Saturday, 10 September 2016

Victorian Verse - Stanzas - Emily/Charlotte Bronte

This poem seems to be usually attributed to Emily Bronte rather than Charlotte, but may be a collaboration or revision.  There are clear similarities with The Visionary and with I Now Had Only to Retrace.  A brief overview of the arguments for and against can be found here, along with an analysis of the poem - which is perhaps a little more enthusiastic than it warrants. 

Here is a summary of what is happening in each stanza.  It is clearly autobiographical, in that it deals with the supremacy of nature and the power of her relationship to it, which suggests the Emily of “Wuthering Heights”.  The meaning is somewhat ambiguous: in common with other poems by both Charlotte and Emily, there is a syntactical and lexical compactness, or shorthand, which tends to make the train of the argument torturous at times.  Often, interpretation relies on a single punctuation mark and as many of these poems have been reconstructed from scraps of manuscript, there is no hard and fast guarantee that any one interpretation is correct.  Learn to live with ambiguity. 

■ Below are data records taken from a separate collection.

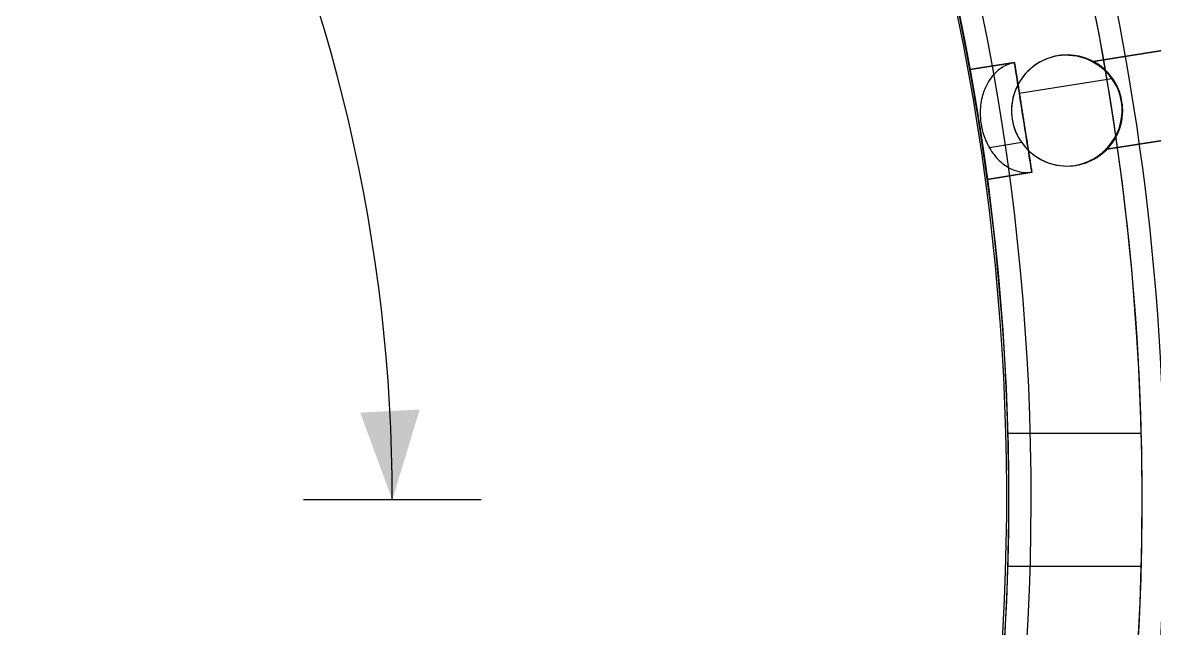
# Model space of a CAD drawing. Header units: millimetres. Extents: x -235 to 540, y -175 to 360.
# Drawn here: x 63.6 to 114.5, y -5.8 to 21.5 of the extents above; entities that cross this region are included whole.
import ezdxf

# ---------------------------------------------------------------- set-up
doc = ezdxf.new("R2010")
doc.units = ezdxf.units.MM
doc.layers.get('0').update_dxf_attribs({"color": 1, "linetype": 'CONTINUOUS'})
doc.layers.add('BEM', color=1, linetype='CONTINUOUS')

msp = doc.modelspace()

# ---------------------------------------------------------------- linework, layer by layer
at = {"color": 2, "linetype": 'CONTINUOUS'}
for p, q in [((110.23, 19.99, 30.624), (110.184, 19.982, 31)), ((115.1, 20.255, 19), (111.79, 19.731, 19)), ((111.79, 19.731, 17), (115.1, 20.255, 17)), ((115.1, 20.255, 9.5), (111.79, 19.731, 9.5)), ((115.1, 20.255, 26.5), (111.79, 19.731, 26.5)), ((108.255, 19.677, 54.5), (106.251, 19.36, 54.5)), ((106.251, 19.36, 38.5), (108.255, 19.677, 38.5)), ((106.251, 19.36, 54.5), (106.251, 19.36, 38.5)), ((108.255, 19.677, 38.5), (108.255, 19.677, 38.645)), ((108.255, 19.677, 38.454), (108.255, 19.677, 38.5)), ((108.255, 19.677, 38.645), (108.255, 19.677, 54.5)), ((111.79, 19.731, 19), (111.79, 19.731, 17)), ((108.472, 18.302, 47.909), (112.633, 18.961, 31.016)), ((113.09, 17.912, 31), (113.07, 17.909, 31.012)), ((113.09, 17.912, 31), (113.09, 17.912, 28.5)), ((113.09, 17.912, 7.5), (113.09, 17.912, 1.474)), ((113.09, 17.912, 15), (113.09, 17.912, 11.5)), ((113.09, 17.912, 24.5), (113.09, 17.912, 21)), ((108.152, 17.13, 0.134), (108.152, 17.13, 30.317)), ((115.726, 16.304, 17), (112.415, 15.78, 17)), ((112.415, 15.78, 19), (115.726, 16.304, 19)), ((112.415, 15.78, 9.5), (115.726, 16.304, 9.5)), ((112.416, 15.78, 26.5), (115.726, 16.304, 26.5)), ((108.581, 16.076, 30.349), (107.125, 15.845, 36.259)), ((112.415, 15.78, 17), (112.415, 15.78, 19)), ((110.967, 15.045, 31), (111.012, 15.051, 30.624)), ((107.033, 14.421, 54.5), (109.037, 14.739, 54.5)), ((109.037, 14.739, 38.5), (107.033, 14.421, 38.5)), ((107.033, 14.421, 38.5), (107.033, 14.421, 54.5)), ((109.037, 14.739, 38.5), (109.037, 14.739, 38.454)), ((109.037, 14.739, 38.645), (109.037, 14.739, 38.5)), ((109.037, 14.739, 54.5), (109.037, 14.739, 38.645)), ((107.958, 3, 67), (113.961, 3, 67)), ((107.958, 3, 67), (107.958, 3, 58)), ((107.958, 3, 58), (113.961, 3, 58)), ((113.961, 3, 67), (113.961, 3, 58)), ((107.958, -3, 58), (107.958, -3, 67)), ((113.961, -3, 67), (107.958, -3, 67)), ((113.961, -3, 58), (107.958, -3, 58)), ((113.961, -3, 58), (113.961, -3, 67))]:
    msp.add_line(p, q, dxfattribs=at)
for centre, radius, start, end in [((0, 0), 119.1, -52.46038, 34.46038), ((0, 0, -7), 119.1, -52.46038, 34.46038), ((0, 0, 67), 114, 1.50796, 35.89948), ((0, 0, 35.732), 114, 4.72833, 35.89948), ((0, 0), 109, -53.89486, 35.89486), ((0, 0), 108, -53.8939, 35.8939), ((0, 0, 67), 108, 1.59175, 35.8939), ((0, 0), 107.9, -52.30052, 34.30052), ((0, 0, -7), 107.9, -52.30052, 34.30052), ((110.621, 17.521, 31), 2.5, 9, 100.0581), ((110.621, 17.521, 31), 2.5, -82.0581, 9), ((0, 0, 35.732), 114, -53.89948, 4.72833), ((0, 0, 58), 108, -1.59175, 1.59175), ((0, 0, 58), 114, -1.50796, 1.50796), ((0, 0, 67), 108, -53.8939, -1.59175), ((0, 0, 67), 114, -53.89948, -1.50796)]:
    msp.add_arc(centre, radius, start, end, dxfattribs=at)
at = {"color": 2, "linetype": 'CONTINUOUS', "extrusion": (-0.001358, -0.000459447, 0.999999)}
msp.add_arc((-0.112, -0.037, 33.841), 115.161, 6.08178, 20.9052, dxfattribs=at)
at = {"color": 2, "linetype": 'CONTINUOUS', "extrusion": (-0.120369, -0.019064, 0.992546)}
msp.add_arc((0.029, 114.896, 16.746), 2.529, 179.9719, -135.9366, dxfattribs=at)
at = {"color": 2, "linetype": 'CONTINUOUS', "extrusion": (-0.25481, -0.04556, 0.965917)}
msp.add_arc((2.384, 108.369, -28.215), 2.661, 166.8014, -142.9458, dxfattribs=at)
at = {"color": 2, "linetype": 'CONTINUOUS', "extrusion": (-0.017358, -0.032844, 0.99931)}
msp.add_arc((89.616, 68.129, 28.41), 2.623, 95.4849, 125.8564, dxfattribs=at)
at = {"color": 2, "linetype": 'CONTINUOUS', "extrusion": (-0.254404, -0.044019, 0.966096)}
msp.add_arc((1.711, 108.418, -28.139), 2.612, 135.0748, 167.2789, dxfattribs=at)
at = {"color": 2, "linetype": 'CONTINUOUS', "extrusion": (0.984777, 0.173816, 0.001142)}
msp.add_arc((-1.903, 38.377, 108.042), 2.5, -44.8879, -0.0018, dxfattribs=at)
at = {"color": 2, "linetype": 'CONTINUOUS', "extrusion": (-0.984402, -0.175931, 0.000531882)}
msp.add_arc((2.135, 54.557, -107.97), 2.5, 145.6322, 179.9991, dxfattribs=at)
at = {"color": 2, "linetype": 'CONTINUOUS', "extrusion": (-0.778309, -0.123272, 0.615661)}
for centre, radius, start, end in [((1.08, 97.977, -63.007), 3.566, -165.2534, -151.355), ((0.684, 97.766, -63.007), 3.117, -151.2673, -141.7612), ((0.348, 97.494, -63.007), 2.686, -141.8775, -127.1775), ((0.071, 97.122, -63.007), 2.222, -127.2971, -105.8315), ((0, 96.892, -63.007), 1.981, -105.6586, -74.7018), ((-0.781, 97.833, -63.007), 3.235, -38.7414, -22.0562), ((-1.228, 98.026, -63.007), 3.722, -22.2352, -12.1027), ((-1.474, 98.081, -63.007), 3.974, -12.123, -0.8095)]:
    msp.add_arc(centre, radius, start, end, dxfattribs=at)
at = {"color": 2, "linetype": 'CONTINUOUS', "extrusion": (-0.778307, -0.123281, 0.615663)}
msp.add_arc((1.457, 98.08, -63.007), 3.956, -179.2064, -165.2007, dxfattribs=at)
at = {"color": 2, "linetype": 'CONTINUOUS', "extrusion": (0.987688, 0.156434, 6.14136e-17)}
for centre, radius, start, end in [((-38.944, 38.663, 110), 41.444, -0.0238, 3.8646), ((-32.386, 39.108, 110), 34.871, 3.8613, 6.9804), ((-24.844, 40.03, 110), 27.273, 6.9829, 9.9236), ((-15.819, 41.666, 110), 18.101, 9.7459, 15.5388), ((-8.773, 43.585, 110), 10.799, 15.7417, 19.8328), ((-4.92, 44.993, 110), 6.696, 19.6919, 25.8203), ((-2.379, 46.23, 110), 3.87, 25.7215, 33.8282), ((-0.864, 47.252, 110), 2.043, 33.6457, 46.0696), ((-0.205, 47.934, 110), 1.094, 46.1644, 61.8844), ((-0.015, 48.286, 110), 0.694, 61.9883, 83.3001), ((0, 48.362, 110), 0.618, 83.8818, 106.9379), ((0.055, 48.188, 110), 0.799, 107.0812, 122.5659), ((0.272, 47.85, 110), 1.201, 122.6079, 134.4006), ((0.755, 47.355, 110), 1.894, 134.3619, 143.065), ((1.592, 46.723, 110), 2.942, 143.0188, 149.5065), ((3.432, 45.667, 110), 5.063, 149.7787, 157.6829), ((6.727, 44.286, 110), 8.636, 157.5056, 162.254), ((10.811, 42.969, 110), 12.927, 162.212, 165.8406), ((17.44, 41.33, 110), 19.755, 165.9357, 170.4909), ((25.585, 39.922, 110), 28.021, 170.4029, 173.291), ((33.682, 38.985, 110), 36.172, 173.3153, 176.9665), ((39.481, 38.652, 110), 41.981, 176.9315, -179.9909)]:
    msp.add_arc(centre, radius, start, end, dxfattribs=at)
at = {"color": 2, "linetype": 'CONTINUOUS', "extrusion": (-0.987688, -0.156434, -6.14136e-17)}
msp.add_arc((0, 54.5, -110), 2.5, 0, 180, dxfattribs=at)
at = {"color": 2, "linetype": 'CONTINUOUS', "extrusion": (-0.008601, -0.014354, 0.99986)}
msp.add_arc((110.848, 17.892, 29.77), 2.537, 36.1944, 67.6961, dxfattribs=at)
at = {"color": 2, "linetype": 'CONTINUOUS', "extrusion": (-0.480758, -0.876853, 0.001033)}
msp.add_arc((89.785, 19.071, -71.025), 1.247, 164.899, 179.8789, dxfattribs=at)
at = {"color": 2, "linetype": 'CONTINUOUS', "extrusion": (0.47812, 0.878294, 0.000737868)}
msp.add_arc((-89.988, 16.95, 70.791), 1.237, -13.528, -0.0851, dxfattribs=at)
at = {"color": 2, "linetype": 'CONTINUOUS', "extrusion": (0.480758, 0.876853, 0.001033)}
for centre in [(-89.785, 9.429, 71.055), (-89.785, 26.429, 71.072)]:
    msp.add_arc(centre, 1.247, -15.1009, -0.121, dxfattribs=at)
at = {"color": 2, "linetype": 'CONTINUOUS', "extrusion": (-0.47812, -0.878294, 0.000737884)}
msp.add_arc((89.988, 9.55, -70.771), 1.237, 166.472, 179.9148, dxfattribs=at)
at = {"color": 2, "linetype": 'CONTINUOUS', "extrusion": (-0.47812, -0.878294, 0.000737877)}
msp.add_arc((89.988, 26.55, -70.759), 1.237, 166.472, 179.9148, dxfattribs=at)
at = {"color": 2, "linetype": 'CONTINUOUS', "extrusion": (0.552595, 0.833126, 0.023247)}
msp.add_arc((-83.756, 15.244, 78.604), 1.51, -25.9867, -13.6075, dxfattribs=at)
at = {"color": 2, "linetype": 'CONTINUOUS', "extrusion": (-0.552595, -0.833125, 0.023247)}
msp.add_arc((83.756, 11.248, -77.988), 1.51, 154.0133, 166.3924, dxfattribs=at)
at = {"color": 2, "linetype": 'CONTINUOUS', "extrusion": (-0.552595, -0.833126, 0.023247)}
msp.add_arc((83.756, 28.244, -77.593), 1.51, 154.0133, 166.3925, dxfattribs=at)
at = {"color": 2, "linetype": 'CONTINUOUS', "extrusion": (-0.56379, -0.825433, 0.028311)}
msp.add_arc((82.719, 21.159, -78.77), 1.546, 153.0293, 164.9297, dxfattribs=at)
at = {"color": 2, "linetype": 'CONTINUOUS', "extrusion": (0.563789, 0.825434, 0.028311)}
for centre in [(-82.719, 7.33, 79.576), (-82.719, 24.323, 80.058)]:
    msp.add_arc(centre, 1.546, -26.9706, -15.0703, dxfattribs=at)
at = {"color": 2, "linetype": 'CONTINUOUS', "extrusion": (0.757351, 0.628843, 0.175996)}
msp.add_arc((-58.402, -0.268, 100.009), 2.243, -43.992, -24.9524, dxfattribs=at)
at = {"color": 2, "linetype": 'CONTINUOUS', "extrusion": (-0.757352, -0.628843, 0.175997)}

Often rebuked, yet always back returning
To those first feelings that were born with me,
And leaving busy chase of wealth and learning
For idle dreams of things which cannot be:

The opening lines are a rejection of those that have advised her to “keep it real” – focus on the real world of work and education instead of the imaginary world (“idle dreams” as her detractors describe them) that she indulged in as a child – writing her stories, with her siblings, about Gondal and Angria.  She comes back to them as being true to her nature, her “first feelings”.

However, the stanza ends with a colon, which suggests that a new idea is going to be introduced.  Although she usually ignores her detractors, and is happy to return to the world of the imagination, “Today” she is going to reject that world (the “shadowy region”) as well. 

To-day, I will seek not the shadowy region;
Its unsustaining vastness waxes drear;
And visions rising, legion after legion,
Bring the unreal world too strangely near.

The illusory life that she created in her stories is not enough for her today – and has its own dullness of repetition, as conveyed by the bleakness of the “unsustaining vastness” – a desert – “drear“ meaning desolate, empty, and the repeated “legion after legion” – undistinguished masses.  Conjuring up these visions, to her surprise (“strangely”), causes her to feel the same way about the world of the imagination as it does the world of “wealth and learning” – which, until today, she has been happy to view as less real (“unreal”) than her imaginary one.  Today, as the commentator says, she is going “back to nature” by going out for a walk – leaving all “worlds” behind.  Her determination is evident form the abrupt “I’ll walk”.

I'll walk, but not in old heroic traces,
And not in paths of high morality,
And not among the half-distinguished faces,
The clouded forms of long-past history.

The path she is going to take will not be one taken in her imaginary worlds, populated with knights and ladies, kings and queens who live lives of noble endeavour.  She is going back to her “roots.”

I'll walk where my own nature would be leading:
It vexes me to choose another guide:
Where the grey flocks in ferny glens are feeding;
Where the wild wind blows on the mountain side.

The poet evokes the countryside that has sustained her all her life; she has no need for a guide to understand it.  The alliteration emphasises her passion for the simple, natural world and her feeling that she is at one with the sheep on the hills and the wind blowing across it.

What have those lonely mountains worth revealing?
More glory and more grief than I can tell:
The earth that wakes one human heart to feeling
Can centre both the worlds of Heaven and Hell.


The rhetorical question anticipates the cynicism of the “real world” of “wealth and learning” about the value of nature to teach.  Her robust response (in the emphatic repetition of “more”) is that it can teach us everything about triumph and failure – “glory and …grief”.  If your heart is receptive, the power of nature can make sense of the whole world and everything within it.